[Dataset records — start]

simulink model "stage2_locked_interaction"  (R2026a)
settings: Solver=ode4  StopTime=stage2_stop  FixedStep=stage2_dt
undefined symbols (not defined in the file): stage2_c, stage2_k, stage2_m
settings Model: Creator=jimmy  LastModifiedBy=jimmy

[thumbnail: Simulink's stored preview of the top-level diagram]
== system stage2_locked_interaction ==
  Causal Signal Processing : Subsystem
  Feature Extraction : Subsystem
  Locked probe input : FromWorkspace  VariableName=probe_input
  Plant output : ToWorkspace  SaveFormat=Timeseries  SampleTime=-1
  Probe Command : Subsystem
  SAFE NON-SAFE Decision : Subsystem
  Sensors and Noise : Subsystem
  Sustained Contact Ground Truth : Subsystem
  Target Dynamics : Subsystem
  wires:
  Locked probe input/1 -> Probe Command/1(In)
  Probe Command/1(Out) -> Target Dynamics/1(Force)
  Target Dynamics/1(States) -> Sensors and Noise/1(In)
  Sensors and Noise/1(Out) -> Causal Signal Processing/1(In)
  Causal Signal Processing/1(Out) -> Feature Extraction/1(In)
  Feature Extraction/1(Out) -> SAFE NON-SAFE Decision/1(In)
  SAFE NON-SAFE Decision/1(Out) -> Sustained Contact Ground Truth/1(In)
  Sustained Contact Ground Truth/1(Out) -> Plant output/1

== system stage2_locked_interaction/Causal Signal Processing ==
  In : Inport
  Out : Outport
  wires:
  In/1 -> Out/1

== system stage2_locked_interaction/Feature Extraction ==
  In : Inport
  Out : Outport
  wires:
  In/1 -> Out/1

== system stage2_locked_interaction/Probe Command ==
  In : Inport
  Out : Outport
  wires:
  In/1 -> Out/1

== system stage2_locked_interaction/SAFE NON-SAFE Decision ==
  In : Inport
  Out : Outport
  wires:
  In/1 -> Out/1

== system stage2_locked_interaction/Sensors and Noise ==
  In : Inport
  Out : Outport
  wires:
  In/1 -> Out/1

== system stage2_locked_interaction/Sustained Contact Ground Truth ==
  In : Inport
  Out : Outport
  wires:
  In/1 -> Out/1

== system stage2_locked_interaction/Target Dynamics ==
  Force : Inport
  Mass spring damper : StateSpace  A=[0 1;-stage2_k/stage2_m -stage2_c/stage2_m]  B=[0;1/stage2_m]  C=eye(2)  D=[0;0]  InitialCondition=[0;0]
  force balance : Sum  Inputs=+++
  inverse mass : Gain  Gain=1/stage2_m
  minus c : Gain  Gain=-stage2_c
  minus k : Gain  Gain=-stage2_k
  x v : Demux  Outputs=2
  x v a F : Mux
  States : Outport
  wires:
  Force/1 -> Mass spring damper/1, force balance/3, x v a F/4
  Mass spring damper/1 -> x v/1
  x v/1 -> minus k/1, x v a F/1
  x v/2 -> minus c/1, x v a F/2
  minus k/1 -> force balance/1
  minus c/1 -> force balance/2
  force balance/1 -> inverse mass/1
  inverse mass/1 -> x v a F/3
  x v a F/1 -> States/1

[Dataset records — finish]

Task directions: The response must contain exactly the lines from the one with "Locked probe input/1 -> Probe Command/1(In)" to the end of the entries above, both included, and nothing more.

Exercise result:
  Locked probe input/1 -> Probe Command/1(In)
  Probe Command/1(Out) -> Target Dynamics/1(Force)
  Target Dynamics/1(States) -> Sensors and Noise/1(In)
  Sensors and Noise/1(Out) -> Causal Signal Processing/1(In)
  Causal Signal Processing/1(Out) -> Feature Extraction/1(In)
  Feature Extraction/1(Out) -> SAFE NON-SAFE Decision/1(In)
  SAFE NON-SAFE Decision/1(Out) -> Sustained Contact Ground Truth/1(In)
  Sustained Contact Ground Truth/1(Out) -> Plant output/1

== system stage2_locked_interaction/Causal Signal Processing ==
  In : Inport
  Out : Outport
  wires:
  In/1 -> Out/1

== system stage2_locked_interaction/Feature Extraction ==
  In : Inport
  Out : Outport
  wires:
  In/1 -> Out/1

== system stage2_locked_interaction/Probe Command ==
  In : Inport
  Out : Outport
  wires:
  In/1 -> Out/1

== system stage2_locked_interaction/SAFE NON-SAFE Decision ==
  In : Inport
  Out : Outport
  wires:
  In/1 -> Out/1

== system stage2_locked_interaction/Sensors and Noise ==
  In : Inport
  Out : Outport
  wires:
  In/1 -> Out/1

== system stage2_locked_interaction/Sustained Contact Ground Truth ==
  In : Inport
  Out : Outport
  wires:
  In/1 -> Out/1

== system stage2_locked_interaction/Target Dynamics ==
  Force : Inport
  Mass spring damper : StateSpace  A=[0 1;-stage2_k/stage2_m -stage2_c/stage2_m]  B=[0;1/stage2_m]  C=eye(2)  D=[0;0]  InitialCondition=[0;0]
  force balance : Sum  Inputs=+++
  inverse mass : Gain  Gain=1/stage2_m
  minus c : Gain  Gain=-stage2_c
  minus k : Gain  Gain=-stage2_k
  x v : Demux  Outputs=2
  x v a F : Mux
  States : Outport
  wires:
  Force/1 -> Mass spring damper/1, force balance/3, x v a F/4
  Mass spring damper/1 -> x v/1
  x v/1 -> minus k/1, x v a F/1
  x v/2 -> minus c/1, x v a F/2
  minus k/1 -> force balance/1
  minus c/1 -> force balance/2
  force balance/1 -> inverse mass/1
  inverse mass/1 -> x v a F/3
  x v a F/1 -> States/1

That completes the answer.